MIAC was part of the federal “fusion” effort underway around the country.

On December 24, we reported on Tennessee antiterrorism officials adding the ACLU to an internet map identifying “terrorism events and other suspicious activity” after the group warned schools to ensure holiday celebrations “are inclusive.”

The previous day, we reported on a fusion center in Florida that snooped on Ron Paul supporters and a Campaign for Liberty event held at the Rosen Center Hotel in Orlando, Florida, in August.

Last week the Washington Post reported on efforts by the government to assemble “a vast domestic intelligence apparatus to collect information about Americans, using the FBI, local police, state homeland security offices and military criminal investigators.”

Earlier this month, the Department of Homeland Security announced its “See Something, Say Something” campaign.

The campaign was kicked off at Walmart. The program blurs distinction between terrorism and crime.

“Is a simple and effective [way] to engage the public and key frontline employees to identify and report indicators of terrorism, crime, and other threats to the proper transportation and law enforcement authorities,” the DHS said.

“The DHS reports that approximately 230 Walmart branches have launched the campaign and nearly 600 will do so in the near future,” reports Security Managemnt. “At the locations already participating, a short video message from Napolitano is presented at some store checkout stations.
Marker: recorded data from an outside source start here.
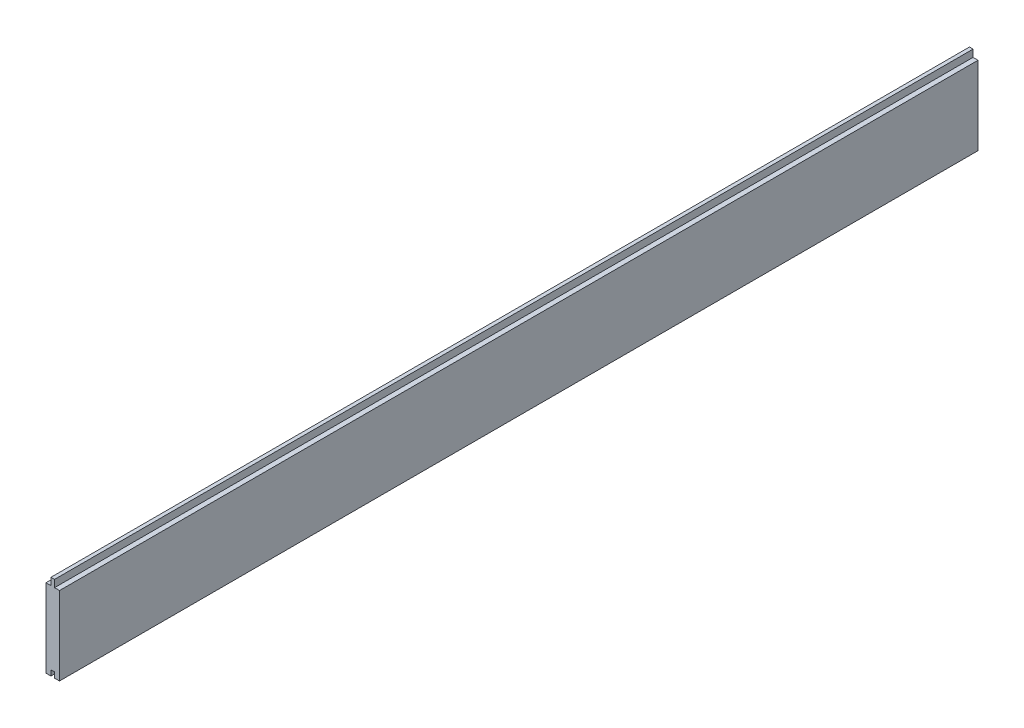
from build123d import *

# Parameters (mm, degrees)
ESQUISSE1_W        = 4
ESQUISSE1_H        = 8
BOSS_EXTRU_1_DEPTH = 1020


with BuildPart() as part:
    # Esquisse1 → Boss.-Extru.1 (new body)
    with BuildSketch(Plane.XY):
        with Locations((0, 47.5)):
            Rectangle(ESQUISSE1_W, ESQUISSE1_H)
        with Locations((0, 39.5)):
            Rectangle(ESQUISSE1_W, ESQUISSE1_H)
        Polygon((-2, 43.5), (-7.5, 43.5), (-7.5, -43.5), (-2, -43.5), (-2, -37.5), (2, -37.5), (2, -43.5), (7.5, -43.5), (7.5, 43.5), (2, 43.5), (2, 35.5), (-2, 35.5), align=None)
    extrude(amount=BOSS_EXTRU_1_DEPTH)


solid = part.part
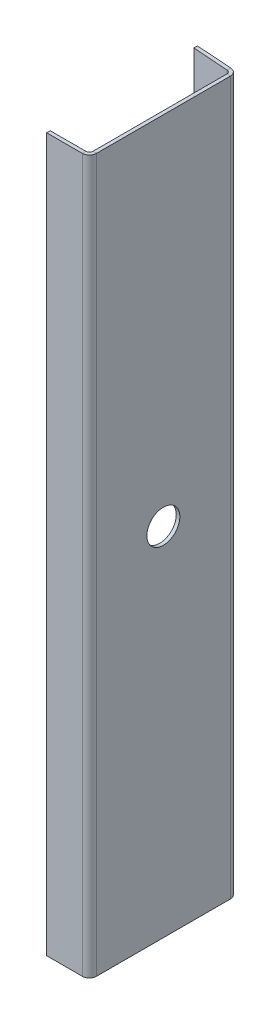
ISO-10303-21;
HEADER;
FILE_DESCRIPTION(('STEP AP214'),'2;1');
FILE_NAME('part.step','',(''),(''),'','','');
FILE_SCHEMA(('AUTOMOTIVE_DESIGN { 1 0 10303 214 1 1 1 1 }'));
ENDSEC;
DATA;
#1=APPLICATION_CONTEXT('core data for automotive mechanical design processes');
#2=APPLICATION_PROTOCOL_DEFINITION('international standard','automotive_design',2000,#1);
#3=PRODUCT_CONTEXT('',#1,'mechanical');
#4=PRODUCT('Part','Part','',(#3));
#5=PRODUCT_RELATED_PRODUCT_CATEGORY('part','',(#4));
#6=PRODUCT_DEFINITION_FORMATION('','',#4);
#7=PRODUCT_DEFINITION_CONTEXT('part definition',#1,'design');
#8=PRODUCT_DEFINITION('design','',#6,#7);
#9=PRODUCT_DEFINITION_SHAPE('','',#8);
#10=(LENGTH_UNIT() NAMED_UNIT(*) SI_UNIT(.MILLI.,.METRE.));
#11=(NAMED_UNIT(*) PLANE_ANGLE_UNIT() SI_UNIT($,.RADIAN.));
#12=(NAMED_UNIT(*) SI_UNIT($,.STERADIAN.) SOLID_ANGLE_UNIT());
#13=UNCERTAINTY_MEASURE_WITH_UNIT(LENGTH_MEASURE(1.E-05),#10,'distance_accuracy_value','');
#14=(GEOMETRIC_REPRESENTATION_CONTEXT(3) GLOBAL_UNCERTAINTY_ASSIGNED_CONTEXT((#13)) GLOBAL_UNIT_ASSIGNED_CONTEXT((#10,
#11,#12)) REPRESENTATION_CONTEXT('',''));
#15=CARTESIAN_POINT('',(0.,0.,0.));
#16=DIRECTION('',(0.,0.,1.));
#17=DIRECTION('',(1.,0.,0.));
#18=AXIS2_PLACEMENT_3D('',#15,#16,#17);
#19=CARTESIAN_POINT('',(0.,1270.,-6.35));
#20=DIRECTION('',(0.,1.,0.));
#21=DIRECTION('',(0.,0.,1.));
#22=AXIS2_PLACEMENT_3D('',#19,#20,#21);
#23=PLANE('',#22);
#24=DIRECTION('',(1.,0.,0.));
#25=VECTOR('',#24,1.);
#26=CARTESIAN_POINT('',(0.,1270.,-6.35));
#27=LINE('',#26,#25);
#28=CARTESIAN_POINT('',(0.,1270.,-6.35));
#29=VERTEX_POINT('',#28);
#30=CARTESIAN_POINT('',(6.35,1270.,-6.35));
#31=VERTEX_POINT('',#30);
#32=EDGE_CURVE('E11',#29,#31,#27,.T.);
#33=ORIENTED_EDGE('',*,*,#32,.F.);
#34=CARTESIAN_POINT('',(-6.35,1270.,-6.35));
#35=DIRECTION('',(0.,-1.,0.));
#36=DIRECTION('',(0.,0.,-1.));
#37=AXIS2_PLACEMENT_3D('',#34,#35,#36);
#38=CIRCLE('',#37,6.35);
#39=CARTESIAN_POINT('',(-6.34999999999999,1270.,0.));
#40=VERTEX_POINT('',#39);
#41=EDGE_CURVE('E249',#40,#29,#38,.F.);
#42=ORIENTED_EDGE('',*,*,#41,.F.);
#43=DIRECTION('',(0.,0.,-1.));
#44=VECTOR('',#43,1.);
#45=CARTESIAN_POINT('',(-6.35,1270.,6.35));
#46=LINE('',#45,#44);
#47=CARTESIAN_POINT('',(-6.35,1270.,6.35));
#48=VERTEX_POINT('',#47);
#49=EDGE_CURVE('E46',#48,#40,#46,.T.);
#50=ORIENTED_EDGE('',*,*,#49,.F.);
#51=CARTESIAN_POINT('',(-6.35,1270.,-6.35));
#52=DIRECTION('',(0.,1.,0.));
#53=DIRECTION('',(1.,0.,0.));
#54=AXIS2_PLACEMENT_3D('',#51,#52,#53);
#55=CIRCLE('',#54,12.7);
#56=EDGE_CURVE('E147',#48,#31,#55,.T.);
#57=ORIENTED_EDGE('',*,*,#56,.T.);
#58=EDGE_LOOP('',(#33,#42,#50,#57));
#59=FACE_BOUND('',#58,.T.);
#60=ADVANCED_FACE('F38',(#59),#23,.T.);
#61=CARTESIAN_POINT('',(-6.35,1270.,6.35));
#62=DIRECTION('',(0.,1.,0.));
#63=DIRECTION('',(0.,0.,1.));
#64=AXIS2_PLACEMENT_3D('',#61,#62,#63);
#65=PLANE('',#64);
#66=DIRECTION('',(0.,0.,-1.));
#67=VECTOR('',#66,1.);
#68=CARTESIAN_POINT('',(0.,1270.,0.));
#69=LINE('',#68,#67);
#70=CARTESIAN_POINT('',(0.,1270.,-244.903529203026));
#71=VERTEX_POINT('',#70);
#72=EDGE_CURVE('E141',#29,#71,#69,.T.);
#73=ORIENTED_EDGE('',*,*,#72,.F.);
#74=ORIENTED_EDGE('',*,*,#32,.T.);
#75=DIRECTION('',(0.,0.,-1.));
#76=VECTOR('',#75,1.);
#77=CARTESIAN_POINT('',(6.35,1270.,0.));
#78=LINE('',#77,#76);
#79=CARTESIAN_POINT('',(6.35,1270.,-244.903529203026));
#80=VERTEX_POINT('',#79);
#81=EDGE_CURVE('E138',#31,#80,#78,.T.);
#82=ORIENTED_EDGE('',*,*,#81,.T.);
#83=DIRECTION('',(-1.,0.,0.));
#84=VECTOR('',#83,1.);
#85=CARTESIAN_POINT('',(6.35,1270.,-244.903529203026));
#86=LINE('',#85,#84);
#87=EDGE_CURVE('E230',#80,#71,#86,.T.);
#88=ORIENTED_EDGE('',*,*,#87,.T.);
#89=EDGE_LOOP('',(#73,#74,#82,#88));
#90=FACE_BOUND('',#89,.T.);
#91=ADVANCED_FACE('F136',(#90),#65,.T.);
#92=CARTESIAN_POINT('',(-6.34999999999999,0.,0.));
#93=DIRECTION('',(0.,-1.,0.));
#94=DIRECTION('',(0.,0.,-1.));
#95=AXIS2_PLACEMENT_3D('',#92,#93,#94);
#96=PLANE('',#95);
#97=DIRECTION('',(0.,0.,1.));
#98=VECTOR('',#97,1.);
#99=CARTESIAN_POINT('',(-6.34999999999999,0.,0.));
#100=LINE('',#99,#98);
#101=CARTESIAN_POINT('',(-6.34999999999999,0.,0.));
#102=VERTEX_POINT('',#101);
#103=CARTESIAN_POINT('',(-6.35,0.,6.35));
#104=VERTEX_POINT('',#103);
#105=EDGE_CURVE('E235',#102,#104,#100,.T.);
#106=ORIENTED_EDGE('',*,*,#105,.F.);
#107=CARTESIAN_POINT('',(-6.35,0.,-6.35));
#108=DIRECTION('',(0.,-1.,0.));
#109=DIRECTION('',(0.,0.,-1.));
#110=AXIS2_PLACEMENT_3D('',#107,#108,#109);
#111=CIRCLE('',#110,6.35);
#112=CARTESIAN_POINT('',(0.,0.,-6.35));
#113=VERTEX_POINT('',#112);
#114=EDGE_CURVE('E187',#102,#113,#111,.F.);
#115=ORIENTED_EDGE('',*,*,#114,.T.);
#116=DIRECTION('',(-1.,0.,0.));
#117=VECTOR('',#116,1.);
#118=CARTESIAN_POINT('',(6.35,0.,-6.35));
#119=LINE('',#118,#117);
#120=CARTESIAN_POINT('',(6.35,0.,-6.35));
#121=VERTEX_POINT('',#120);
#122=EDGE_CURVE('E233',#121,#113,#119,.T.);
#123=ORIENTED_EDGE('',*,*,#122,.F.);
#124=CARTESIAN_POINT('',(-6.35,0.,-6.35));
#125=DIRECTION('',(0.,1.,0.));
#126=DIRECTION('',(1.,0.,0.));
#127=AXIS2_PLACEMENT_3D('',#124,#125,#126);
#128=CIRCLE('',#127,12.7);
#129=EDGE_CURVE('E159',#104,#121,#128,.T.);
#130=ORIENTED_EDGE('',*,*,#129,.F.);
#131=EDGE_LOOP('',(#106,#115,#123,#130));
#132=FACE_BOUND('',#131,.T.);
#133=ADVANCED_FACE('F292',(#132),#96,.T.);
#134=CARTESIAN_POINT('',(6.35,0.,-6.35));
#135=DIRECTION('',(0.,-1.,0.));
#136=DIRECTION('',(0.,0.,-1.));
#137=AXIS2_PLACEMENT_3D('',#134,#135,#136);
#138=PLANE('',#137);
#139=DIRECTION('',(1.,0.,0.));
#140=VECTOR('',#139,1.);
#141=CARTESIAN_POINT('',(-69.85,0.,0.));
#142=LINE('',#141,#140);
#143=CARTESIAN_POINT('',(-69.85,0.,0.));
#144=VERTEX_POINT('',#143);
#145=EDGE_CURVE('E190',#144,#102,#142,.T.);
#146=ORIENTED_EDGE('',*,*,#145,.T.);
#147=ORIENTED_EDGE('',*,*,#105,.T.);
#148=DIRECTION('',(1.,0.,0.));
#149=VECTOR('',#148,1.);
#150=CARTESIAN_POINT('',(-69.85,0.,6.35));
#151=LINE('',#150,#149);
#152=CARTESIAN_POINT('',(-69.85,0.,6.35));
#153=VERTEX_POINT('',#152);
#154=EDGE_CURVE('E196',#153,#104,#151,.T.);
#155=ORIENTED_EDGE('',*,*,#154,.F.);
#156=DIRECTION('',(0.,0.,-1.));
#157=VECTOR('',#156,1.);
#158=CARTESIAN_POINT('',(-69.85,0.,6.35));
#159=LINE('',#158,#157);
#160=EDGE_CURVE('E193',#153,#144,#159,.T.);
#161=ORIENTED_EDGE('',*,*,#160,.T.);
#162=EDGE_LOOP('',(#146,#147,#155,#161));
#163=FACE_BOUND('',#162,.T.);
#164=ADVANCED_FACE('F296',(#163),#138,.T.);
#165=CARTESIAN_POINT('',(-5.90704639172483,1270.,-251.238060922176));
#166=DIRECTION('',(0.,1.,0.));
#167=DIRECTION('',(0.,0.,1.));
#168=AXIS2_PLACEMENT_3D('',#165,#166,#167);
#169=PLANE('',#168);
#170=DIRECTION('',(0.0697564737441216,0.,-0.997564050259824));
#171=VECTOR('',#170,1.);
#172=CARTESIAN_POINT('',(-5.90704639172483,1270.,-251.238060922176));
#173=LINE('',#172,#171);
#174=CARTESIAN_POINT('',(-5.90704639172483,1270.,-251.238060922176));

Napolitano’s message reminds customers to watch for and promptly report to law enforcement any suspicious activity in the stores or parking lots.

DHS promises to expand this Stasi-like program. “In coming months, the department will continue to expand the… campaign nationally with public education materials and outreach tools designed to help America’s businesses, communities, and citizens remain vigilant and play an active role in keeping the country safe.”

So-called “public education materials” are now appearing in farm supply and gun stores encouraging employees to act upon vaguely defined “suspicious” behavior and turn people in to the FBI and local police.